Dan mata itu kini ditujukan pada Momoi, untuk selamanya.

Sedangkan Kuroko, ia menyadari bahwa sepasang mata di hadapannya mulai dihinggapi kabut samar yang menghalangi kejernihan merah jambunya.

"Ada apa?" Kelembutan suaranya plus kekhawatiran yang samar-samar mengisi suara itu membuat Momoi menggelengkan kepalanya dan lekas-lekas menyamakan kembali irama langkahnya dengan Kuroko.

Terharu adalah jawabannya. Dalam setiap dentuman jantungnya yang menguat acapkali Momoi berdekatan dengan Kuroko, Momoi akui ia tidak pernah sebahagia ini dalam mencintai seseorang.

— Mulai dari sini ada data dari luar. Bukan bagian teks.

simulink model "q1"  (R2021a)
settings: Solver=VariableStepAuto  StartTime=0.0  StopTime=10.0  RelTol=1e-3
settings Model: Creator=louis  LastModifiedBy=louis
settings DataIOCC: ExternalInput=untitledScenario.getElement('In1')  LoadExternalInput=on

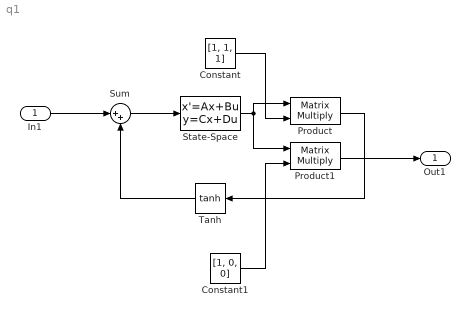
== system q1 ==
  In1 : Inport  PortDimensions=1
  Constant : Constant  Value=[1, 1, 1]
  Constant1 : Constant  Value=[1, 0, 0]
  Product : Product  Multiplication=Matrix(*)
  Product1 : Product  Multiplication=Matrix(*)
  State-Space : StateSpace  A=[-10, 0, 10; 0, -100, 100; 0, 0, -1]  B=[0; 0; 1]  C=eye(3)  D=zeros(3,1)  InitialCondition=0
  Sum : Sum  Inputs=|++
  Tanh : Trigonometry  Operator=tanh
  Out1 : Outport  PortDimensions=1
  wires:
  Sum/1 -> State-Space/1
  In1/1 -> Sum/1
  Tanh/1 -> Sum/2
  Product/1 -> Tanh/1
  Constant1/1 -> Product1/2
  Product1/1 -> Out1/1
  Constant/1 -> Product/2
  State-Space/1 -> Product1/1, Product/1

Dan cinta itu kini ada tepat di hadapannya.

"Tidak apa-apa, kok, Tetsu-kun!" jawabnya dengan nada riang yang sudah Kuroko hafal.

Kuroko diingatkan dengan derai demi derai air mata Momoi sebelumnya. Dengan Kuroko, selalu ada ucapan penenang, usapan lembut di kepala dan pelukan ringan untuk meredakan tangis Momoi, dan Kuroko tidak pernah membencinya. Berapa kali pun ia melihat Momoi bersimbah air mata, semuanya tidak pernah memengaruhi kesempurnaan Satsuki Momoi di matanya barang seujung kuku pun.

Ah iya, walaupun terlambat, sudah waktunya bagi Kuroko untuk tidak lagi memanggil gadis itu dengan sebutan 'Momoi-san'. Sudah seharusnya begitu, semenjak Kuroko mengganti nama belakang gadis itu menjadi Satsuki Kuroko.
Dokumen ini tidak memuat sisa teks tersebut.